Which version of Elasticsearch are you using?

ES version is 5.3

@Igor_Motov Can you please take a look at it.

Thanks in advance!

This forum is manned by volunteers, so please do not ping people not already involved in the thread.

1 Like

What type of hardware are you running on? What type of storage?

Are these errors related to the hardware configurations? Why would I see these errors?
I am using SSD drives for storage.

My guess was that it was related to a slow file system, e.g. a slow or congested SAN, so I am a bit surprised if you are seeing this with locally attached SSDs.

Do you have any idea why this would happen?

Can you confirm that you are using locally attached SSDs? What does iostat -x report?

iostat -x
Linux 4.9.27-14.33.amzn1.x86_64 (ip-10-212-32-78) 10/08/2017 x86_64 (64 CPU)

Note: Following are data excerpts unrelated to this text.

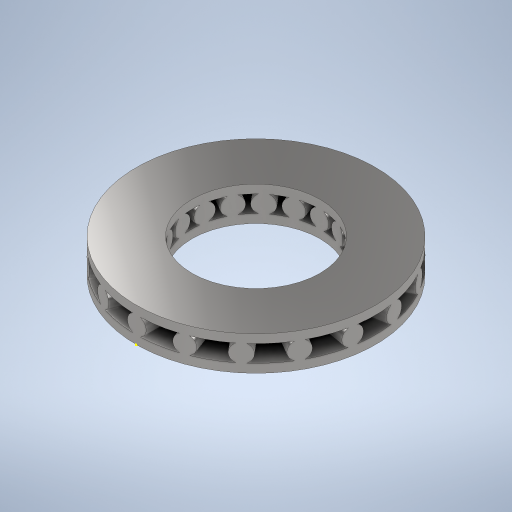
# Autodesk Inventor part: AXK1528+AS Bearing
Saved by Autodesk Inventor 2024.1 (Build 281209000, 209)
## iProperties
Created: 2023-09-08
Part Number: AXK1528+AS Bearing
Material: Stainless Steel
Document SubType Name: Modeling
Designer: chanh
Density: 8 g/cm^3
Appearance: Semi-Polished
Author: chanh
Autodesk Inventor part; units mm, degrees
ref_plane "YZ Plane" through (0, 0, 0) normal (1, 0, 0) x (0, 1, 0)
sketch "Sketch1" plane through (0, 0, 0) normal (0, 1, 0) x (-1, 0, 0)
  circle A0 centre (0, 0) radius 14
  circle A1 centre (0, 0) radius 7.5
  dimension "d0" = 28
  dimension "d1" = 15
  constraints: 2 centre point, 2 coincident
  measures "d0" diameter of A0
  measures "d1" diameter of A1
extrude "Extrusion1" add sketch "Sketch1" along normal blind 1
ref_plane "Work Plane1" through (0, 0, 14) normal (0, 0, 1) x (1, 0, 0)
sketch "Sketch2" plane through (0, 0, 14) normal (0, 0, 1) x (1, 0, 0)
  line L0 (14, 1) -> (-14, 1) projected
  circle A0 centre (0, 2) radius 1.1
  point P0 (0, 0)
  point P1 (0.4583, 1)
  point P2 (-0.4583, 1)
  dimension "d4" = 2.2
  dimension "d5" = 2
  constraints: 1 centre point, 1 vertical alignment
  measures "d4" diameter of A0
  measures "d5" distance of A0.centre point (0, 0)
extrude "Extrusion2" add sketch "Sketch2" against normal blind 11.5875 contours L0 A0 picked at (0.3793, 1.7905)
pattern_circular "Circular Pattern1" count 18 over 360 about axis through (0, -10, 0) along (0, 1, 0) of "Extrusion2"
sketch "Sketch3" plane through (0, 0, 14) normal (0, 0, 1) x (1, 0, 0)
  point P0 (0, 0)
ref_plane "Work Plane3" through (0, 3, 14) normal (0, 1, 0) x (1, 0, 0)
ref_plane "Work Plane2" through (0, 3.1, 14) normal (0, 1, 0) x (1, 0, 0)
sketch "Sketch4" plane through (0, 3, 14) normal (0, 1, 0) x (1, 0, 0)
  circle A0 centre (0, 14) radius 7.5 projected
  circle A1 centre (0, 14) radius 14 projected
extrude "Extrusion3" add sketch "Sketch4" along normal blind 1
sketch "Sketch5" plane through (0, 4, 0) normal (0, 1, 0) x (1, 0, 0)
  circle A0 centre (0, 0) radius 7.5 projected
  circle A1 centre (0, 0) radius 14 projected
  circle A2 centre (0, 0) radius 19
  dimension "d14" = 5
  constraints: 1 centre point
  measures "d14" radial gap between concentric circles of A1 A2
extrude "Extrusion4" cut sketch "Sketch5" against normal through all
body "Solid1"
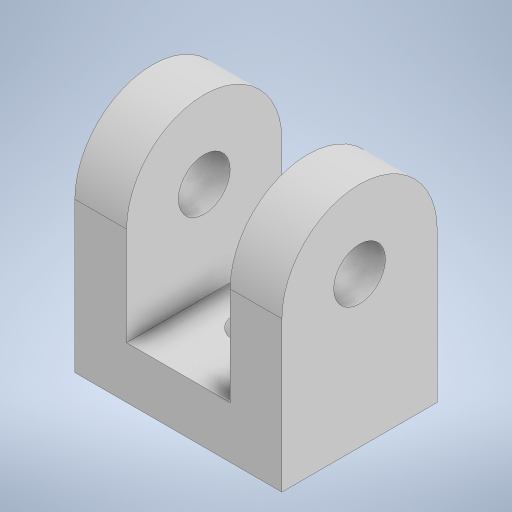
# Autodesk Inventor part: cuerpo_obj3
Saved by Autodesk Inventor 2023.2 (Build 272271030, 271C)
## iProperties
Created: 2023-02-25
Part Number: cuerpo_obj3
Material: Generic
Document SubType Name: Modeling
Designer: Cris Pat
Density: 1 g/cm^3
Appearance: Default
Author: Cris Pat
Autodesk Inventor part; units mm, degrees
ref_plane "YZ Plane" through (0, 0, 0) normal (1, 0, 0) x (0, 1, 0)
ref_plane "XZ Plane" through (0, 0, 0) normal (0, 1, 0) x (-1, 0, 0)
ref_plane "XY Plane" through (0, 0, 0) normal (0, 0, 1) x (1, 0, 0)
sketch "Sketch1" plane through (0, 0, 0) normal (1, 0, 0) x (0, 1, 0)
  line L0 (-14.5, 15) -> (-14.5, -15)
  line L1 (-14.5, -15) -> (14.5, -15)
  arc A0 (14.5, -15) -> (14.5, 15) centre (14.5, 0) ccw
  line L2 (14.5, 15) -> (-14.5, 15)
  circle A1 centre (14.5, 0) radius 5
  point P0 (0, 0)
  point P1 (0, -15)
  dimension "d0" = 15
  dimension "d1" = 10
  dimension "d2" = 29
  constraints: 6 end point, 2 centre point, 2 perpendicular, 2 point on circle, 2 vertical alignment, 1 coincident, 1 horizontal alignment, 1 midpoint, 1 tangent, 1 vertical
  measures "d0" radius of A0
  measures "d1" diameter of A1
  measures "d2" distance from line of L0 A0.centre
extrude "Extrusion1" add sketch "Sketch1" along normal mid plane 40
sketch "Sketch2" plane through (0, 0, 0) normal (0, 0, 1) x (1, 0, 0)
  line L0 (-20, 14.5) -> (20, 14.5) construction
  line L1 (20, 14.5) -> (20, 14.5) construction
  line L2 (-20, 14.5) -> (20, 14.5) construction
  line L3 (-20, 14.5) -> (-20, 14.5) construction
  line L4 (-20, 14.5) -> (20, 14.5) construction
  line L5 (20, -14.5) -> (20, 14.5) construction
  line L6 (20, -14.5) -> (-20, -14.5) construction
  line L7 (-20, 14.5) -> (-20, -14.5) construction
  line L8 (-10, 29.5) -> (10, 29.5)
  line L9 (10, 29.5) -> (10, -4.5)
  line L10 (10, -4.5) -> (-10, -4.5)
  line L11 (-10, -4.5) -> (-10, 29.5)
  line L12 (-20, 29.5) -> (20, 29.5) construction
  point P0 (0, 0)
  point P1 (0, 29.5)
  dimension "d5" = 20
  dimension "d6" = 10
  dimension "d7" = 34
  constraints: 8 end point, 2 parallel, 1 horizontal, 1 midpoint, 1 perpendicular, 1 vertical alignment
  measures "d5" distance of L9.end L10.end
  measures "d6" distance between parallel lines of L6 L10
  measures "d7" distance between parallel lines of L10 L8
extrude "Extrusion2" cut sketch "Sketch2" along normal mid plane 40
sketch "Sketch3" plane through (0, 0, 0) normal (0, 1, 0) x (-1, 0, 0)
  circle A0 centre (0, 0) radius 4.3
  dimension "d10" = 8.6
  constraints: 1 centre point, 1 coincident
  measures "d10" diameter of A0
extrude "Extrusion3" cut sketch "Sketch3" against normal through all
body "Solid1"
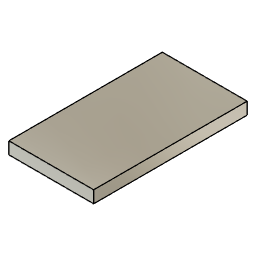
OpenBook_device_fusion (Autodesk Fusion 360 archive; units mm, degrees)
design "Battery"
Autodesk Fusion 360 part; units mm, degrees
sketch "Sketch1" plane through (0, 0, 0) normal (0, 0, 1) x (1, 0, 0)
  line L0 (0, 0) -> (42, 0)
  line L1 (42, 0) -> (42, 76)
  line L2 (42, 76) -> (0, 76)
  line L3 (0, 76) -> (0, 0)
  dimension "d3" = 42
  dimension "d4" = 76
  constraint horizontal L0
  constraint vertical L1
  constraint horizontal L2
  constraint vertical L3
  constraint coincident L0.start L3.end
  measures "d3" distance of L0.start L0.end
  measures "d4" distance of L0.start L2.end
extrude "Extrude1" add sketch "Sketch1" along normal blind 6

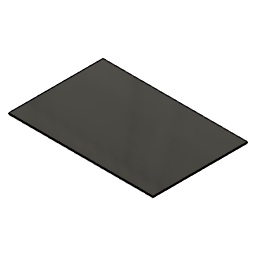
design "Display"
Autodesk Fusion 360 part; units mm, degrees
sketch "Sketch1" plane through (0, 0, 0) normal (0, 0, 1) x (1, 0, 0)
  line L0 (0, 0) -> (170.2, 0)
  line L1 (170.2, 0) -> (170.2, 111.2)
  line L2 (170.2, 111.2) -> (0, 111.2)
  line L3 (0, 111.2) -> (0, 0)
  dimension "d1" = 170.2
  dimension "d2" = 111.2
  constraint horizontal L0
  constraint vertical L1
  constraint horizontal L2
  constraint vertical L3
  constraint coincident L0.start L3.end
  measures "d1" distance of L0.start L0.end
  measures "d2" distance of L0.start L2.end
extrude "Extrude1" add sketch "Sketch1" along normal blind 1.18

avg-cpu: %user %nice %system %iowait %steal %idle
6.74 0.00 0.28 0.01 0.00 92.96

Device: rrqm/s wrqm/s r/s w/s rsec/s wsec/s avgrq-sz avgqu-sz await svctm %util
xvda 0.00 1.64 0.09 1.07 3.03 35.01 33.03 0.02 16.16 4.04 0.47
nvme0n1 0.22 7.80 17.02 25.71 4245.52 11408.52 366.34 0.10 2.25 0.19 0.79
nvme1n1 0.22 7.22 16.92 24.38 4243.19 11384.88 378.41 0.10 2.48 0.19 0.79
nvme2n1 0.22 7.15 16.89 24.20 4238.47 11377.55 380.04 0.10 2.37 0.19 0.79
nvme3n1 0.22 7.14 16.88 24.17 4233.38 11371.72 380.17 0.10 2.42 0.19 0.78
nvme4n1 0.22 7.14 16.86 24.32 4228.92 11367.81 378.68 0.10 2.33 0.19 0.78
nvme5n1 0.23 7.13 16.83 24.06 4220.99 11358.09 381.06 0.10 2.50 0.19 0.78
nvme6n1 0.23 7.15 16.80 24.03 4214.84 11352.03 381.20 0.10 2.34 0.19 0.78
nvme7n1 0.23 7.11 16.77 23.97 4207.35 11343.69 381.76 0.10 2.40 0.19 0.78

Do you think I should create an issue with elastic?

It might be worth waiting a few days to see if anyone else chimes in.

This topic was automatically closed 28 days after the last reply. New replies are no longer allowed.